[[ Provided material, beginning ]]

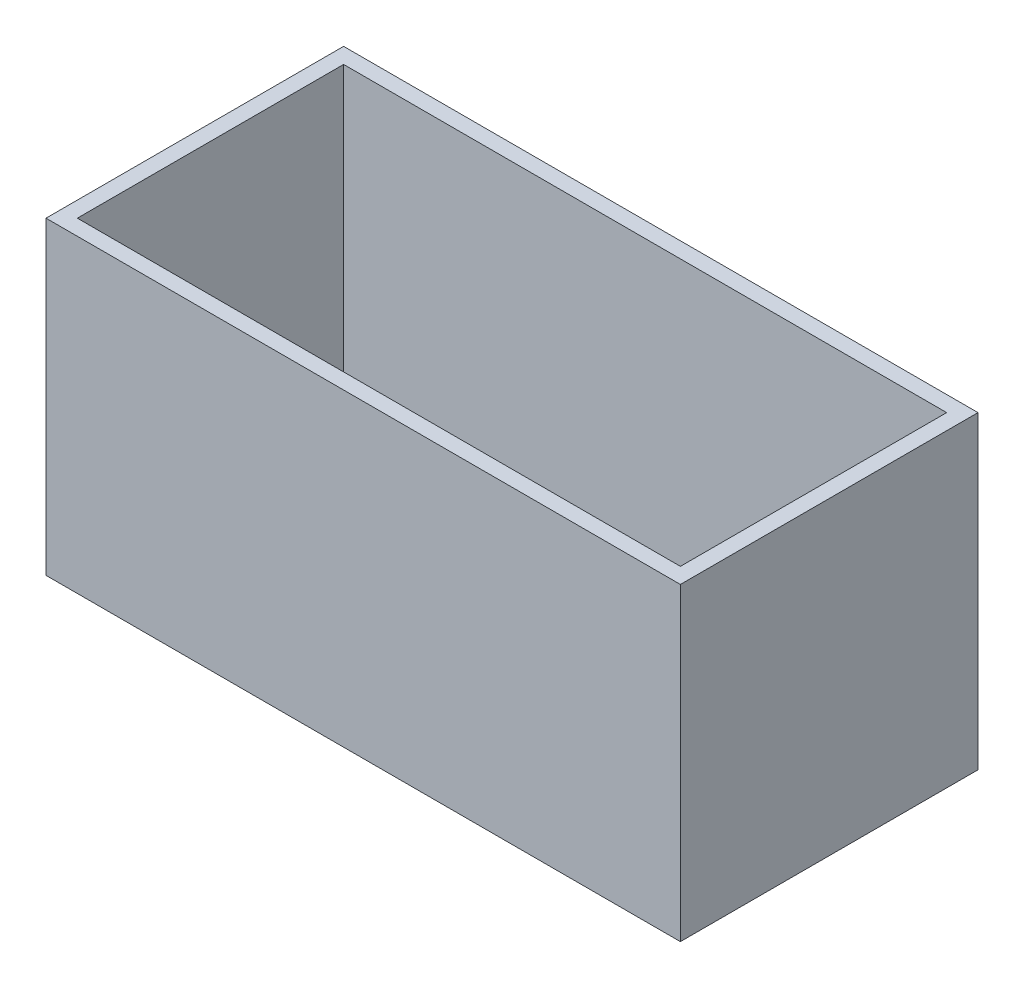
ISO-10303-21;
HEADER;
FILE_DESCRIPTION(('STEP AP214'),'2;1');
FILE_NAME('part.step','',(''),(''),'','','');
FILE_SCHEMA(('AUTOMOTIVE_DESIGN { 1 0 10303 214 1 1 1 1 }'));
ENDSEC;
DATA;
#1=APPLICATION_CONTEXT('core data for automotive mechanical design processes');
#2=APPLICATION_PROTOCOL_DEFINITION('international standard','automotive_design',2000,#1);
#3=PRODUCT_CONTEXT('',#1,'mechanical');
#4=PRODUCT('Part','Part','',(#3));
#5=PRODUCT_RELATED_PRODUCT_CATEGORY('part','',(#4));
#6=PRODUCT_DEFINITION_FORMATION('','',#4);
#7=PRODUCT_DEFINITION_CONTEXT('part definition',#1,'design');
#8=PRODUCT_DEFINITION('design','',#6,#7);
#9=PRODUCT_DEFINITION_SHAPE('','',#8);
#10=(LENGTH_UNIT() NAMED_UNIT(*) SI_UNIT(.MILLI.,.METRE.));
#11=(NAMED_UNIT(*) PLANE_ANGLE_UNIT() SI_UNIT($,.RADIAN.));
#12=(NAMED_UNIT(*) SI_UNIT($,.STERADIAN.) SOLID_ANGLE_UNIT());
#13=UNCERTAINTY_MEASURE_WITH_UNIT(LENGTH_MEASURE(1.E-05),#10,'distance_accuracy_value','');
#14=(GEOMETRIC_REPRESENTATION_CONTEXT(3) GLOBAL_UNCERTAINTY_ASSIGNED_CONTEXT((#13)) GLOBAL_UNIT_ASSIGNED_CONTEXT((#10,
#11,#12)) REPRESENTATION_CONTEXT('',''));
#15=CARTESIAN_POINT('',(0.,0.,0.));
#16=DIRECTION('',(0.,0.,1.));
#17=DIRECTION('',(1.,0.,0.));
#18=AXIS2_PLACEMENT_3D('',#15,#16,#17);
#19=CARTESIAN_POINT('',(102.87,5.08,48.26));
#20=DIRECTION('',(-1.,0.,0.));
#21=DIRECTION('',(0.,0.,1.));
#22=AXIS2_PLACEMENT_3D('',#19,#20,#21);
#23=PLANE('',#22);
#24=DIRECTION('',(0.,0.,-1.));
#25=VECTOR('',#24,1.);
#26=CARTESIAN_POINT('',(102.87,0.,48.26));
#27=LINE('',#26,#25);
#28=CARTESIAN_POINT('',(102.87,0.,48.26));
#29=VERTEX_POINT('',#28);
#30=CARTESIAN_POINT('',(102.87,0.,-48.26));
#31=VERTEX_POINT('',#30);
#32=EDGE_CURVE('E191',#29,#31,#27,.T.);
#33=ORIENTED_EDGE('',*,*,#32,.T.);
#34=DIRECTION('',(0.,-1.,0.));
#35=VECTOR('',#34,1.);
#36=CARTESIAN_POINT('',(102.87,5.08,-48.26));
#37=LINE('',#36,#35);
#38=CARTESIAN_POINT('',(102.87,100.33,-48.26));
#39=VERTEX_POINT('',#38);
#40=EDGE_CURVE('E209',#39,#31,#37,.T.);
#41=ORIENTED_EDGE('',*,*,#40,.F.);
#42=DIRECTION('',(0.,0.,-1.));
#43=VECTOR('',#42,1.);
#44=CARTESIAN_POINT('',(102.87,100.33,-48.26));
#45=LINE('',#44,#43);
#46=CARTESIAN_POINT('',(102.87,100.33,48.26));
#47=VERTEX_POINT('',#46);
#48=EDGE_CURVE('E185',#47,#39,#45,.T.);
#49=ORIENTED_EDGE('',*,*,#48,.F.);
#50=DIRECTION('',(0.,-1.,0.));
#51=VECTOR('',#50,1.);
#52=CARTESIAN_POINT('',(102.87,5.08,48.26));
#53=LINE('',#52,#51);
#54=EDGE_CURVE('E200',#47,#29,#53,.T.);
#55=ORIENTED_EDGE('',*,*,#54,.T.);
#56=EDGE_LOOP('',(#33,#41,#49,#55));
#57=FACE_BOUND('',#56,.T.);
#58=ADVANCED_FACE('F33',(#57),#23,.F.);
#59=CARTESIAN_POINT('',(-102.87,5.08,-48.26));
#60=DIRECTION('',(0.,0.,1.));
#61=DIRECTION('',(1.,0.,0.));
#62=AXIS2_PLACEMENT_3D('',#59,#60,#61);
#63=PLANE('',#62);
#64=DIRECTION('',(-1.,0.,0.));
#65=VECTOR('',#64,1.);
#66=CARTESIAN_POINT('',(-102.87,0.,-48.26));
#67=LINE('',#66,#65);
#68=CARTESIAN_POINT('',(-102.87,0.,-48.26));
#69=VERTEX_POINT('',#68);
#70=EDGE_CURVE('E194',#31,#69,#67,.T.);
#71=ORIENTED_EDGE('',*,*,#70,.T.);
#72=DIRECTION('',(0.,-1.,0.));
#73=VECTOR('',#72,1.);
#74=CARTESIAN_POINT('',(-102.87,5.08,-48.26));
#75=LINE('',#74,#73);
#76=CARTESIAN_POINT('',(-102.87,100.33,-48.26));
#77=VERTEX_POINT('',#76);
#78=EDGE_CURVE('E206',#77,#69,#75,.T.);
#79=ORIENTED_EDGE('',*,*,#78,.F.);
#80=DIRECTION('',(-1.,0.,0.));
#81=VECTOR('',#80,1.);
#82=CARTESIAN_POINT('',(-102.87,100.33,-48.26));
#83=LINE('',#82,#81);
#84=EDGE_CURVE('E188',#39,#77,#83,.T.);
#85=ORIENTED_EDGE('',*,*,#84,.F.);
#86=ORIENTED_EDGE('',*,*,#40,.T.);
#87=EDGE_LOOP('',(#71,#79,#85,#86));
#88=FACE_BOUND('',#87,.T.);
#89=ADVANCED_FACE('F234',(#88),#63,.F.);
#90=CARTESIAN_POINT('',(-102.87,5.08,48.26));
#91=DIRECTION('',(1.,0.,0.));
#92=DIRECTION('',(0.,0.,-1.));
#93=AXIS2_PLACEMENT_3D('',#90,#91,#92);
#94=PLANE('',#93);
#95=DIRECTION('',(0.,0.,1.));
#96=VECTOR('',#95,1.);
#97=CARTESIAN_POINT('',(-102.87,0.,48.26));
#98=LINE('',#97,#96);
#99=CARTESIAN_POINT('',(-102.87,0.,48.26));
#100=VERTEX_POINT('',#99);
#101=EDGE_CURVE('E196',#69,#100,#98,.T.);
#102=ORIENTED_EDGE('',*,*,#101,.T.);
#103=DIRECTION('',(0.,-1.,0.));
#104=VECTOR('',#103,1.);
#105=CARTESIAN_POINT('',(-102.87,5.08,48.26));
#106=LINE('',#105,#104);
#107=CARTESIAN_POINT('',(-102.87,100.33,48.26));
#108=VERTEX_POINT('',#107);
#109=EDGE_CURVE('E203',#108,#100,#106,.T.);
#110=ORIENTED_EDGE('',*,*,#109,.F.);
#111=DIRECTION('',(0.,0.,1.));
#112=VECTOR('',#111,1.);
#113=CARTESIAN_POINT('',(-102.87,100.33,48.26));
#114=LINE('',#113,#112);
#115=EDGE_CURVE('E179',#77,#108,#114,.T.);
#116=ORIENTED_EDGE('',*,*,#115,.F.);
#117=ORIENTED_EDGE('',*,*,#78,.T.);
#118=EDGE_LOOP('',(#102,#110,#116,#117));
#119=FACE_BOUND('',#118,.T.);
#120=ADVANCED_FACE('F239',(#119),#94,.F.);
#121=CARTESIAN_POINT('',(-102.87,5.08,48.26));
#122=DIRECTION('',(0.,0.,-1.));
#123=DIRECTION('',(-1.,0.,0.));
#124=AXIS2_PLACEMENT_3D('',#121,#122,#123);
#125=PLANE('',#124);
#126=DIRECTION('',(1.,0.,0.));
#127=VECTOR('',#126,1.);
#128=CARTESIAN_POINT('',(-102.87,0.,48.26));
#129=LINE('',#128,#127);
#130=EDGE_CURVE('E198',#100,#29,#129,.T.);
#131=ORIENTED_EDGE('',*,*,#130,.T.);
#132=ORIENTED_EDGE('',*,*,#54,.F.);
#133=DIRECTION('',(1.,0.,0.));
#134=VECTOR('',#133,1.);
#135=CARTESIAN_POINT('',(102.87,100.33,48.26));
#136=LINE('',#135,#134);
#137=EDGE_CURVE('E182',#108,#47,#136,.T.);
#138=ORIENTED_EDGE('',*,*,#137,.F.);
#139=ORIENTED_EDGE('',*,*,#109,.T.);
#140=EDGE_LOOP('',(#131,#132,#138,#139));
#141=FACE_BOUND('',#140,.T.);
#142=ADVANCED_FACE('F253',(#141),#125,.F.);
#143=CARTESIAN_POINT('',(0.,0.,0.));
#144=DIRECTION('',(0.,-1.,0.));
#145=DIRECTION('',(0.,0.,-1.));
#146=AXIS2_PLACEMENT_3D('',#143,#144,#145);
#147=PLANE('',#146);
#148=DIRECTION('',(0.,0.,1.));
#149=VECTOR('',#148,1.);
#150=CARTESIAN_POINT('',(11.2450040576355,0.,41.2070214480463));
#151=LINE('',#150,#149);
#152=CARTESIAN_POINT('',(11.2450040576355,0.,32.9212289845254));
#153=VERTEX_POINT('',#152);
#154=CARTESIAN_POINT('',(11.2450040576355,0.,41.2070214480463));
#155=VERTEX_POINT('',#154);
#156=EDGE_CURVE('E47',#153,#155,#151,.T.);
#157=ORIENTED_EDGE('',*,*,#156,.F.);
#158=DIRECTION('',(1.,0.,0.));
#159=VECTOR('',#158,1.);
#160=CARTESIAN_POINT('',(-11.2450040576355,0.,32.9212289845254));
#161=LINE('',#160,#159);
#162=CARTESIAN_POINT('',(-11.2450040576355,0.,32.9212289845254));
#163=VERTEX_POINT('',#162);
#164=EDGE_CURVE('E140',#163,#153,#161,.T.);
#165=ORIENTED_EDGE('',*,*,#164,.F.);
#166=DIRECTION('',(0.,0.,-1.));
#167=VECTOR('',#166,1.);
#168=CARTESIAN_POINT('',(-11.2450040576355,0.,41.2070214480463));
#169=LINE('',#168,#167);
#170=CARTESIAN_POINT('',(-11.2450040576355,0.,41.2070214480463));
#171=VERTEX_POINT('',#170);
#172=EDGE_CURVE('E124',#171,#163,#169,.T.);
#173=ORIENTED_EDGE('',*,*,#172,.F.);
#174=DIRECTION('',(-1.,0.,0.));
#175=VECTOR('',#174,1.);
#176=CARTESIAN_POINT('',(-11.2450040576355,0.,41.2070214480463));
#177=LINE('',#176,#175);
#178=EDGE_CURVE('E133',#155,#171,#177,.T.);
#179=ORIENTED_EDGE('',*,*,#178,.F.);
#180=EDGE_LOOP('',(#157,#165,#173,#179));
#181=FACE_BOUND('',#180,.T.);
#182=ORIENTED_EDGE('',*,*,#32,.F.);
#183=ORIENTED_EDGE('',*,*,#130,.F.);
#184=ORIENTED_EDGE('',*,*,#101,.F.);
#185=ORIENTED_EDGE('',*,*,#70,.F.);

[[ Provided material, end ]]

### Exercise objective
Copy out only the lines above from the one with "#161=LINE('',#160,#159);" to the one with "#167=VECTOR('',#166,1.);", inclusive, exactly as they stand.

### Solution below
#161=LINE('',#160,#159);
#162=CARTESIAN_POINT('',(-11.2450040576355,0.,32.9212289845254));
#163=VERTEX_POINT('',#162);
#164=EDGE_CURVE('E140',#163,#153,#161,.T.);
#165=ORIENTED_EDGE('',*,*,#164,.F.);
#166=DIRECTION('',(0.,0.,-1.));
#167=VECTOR('',#166,1.);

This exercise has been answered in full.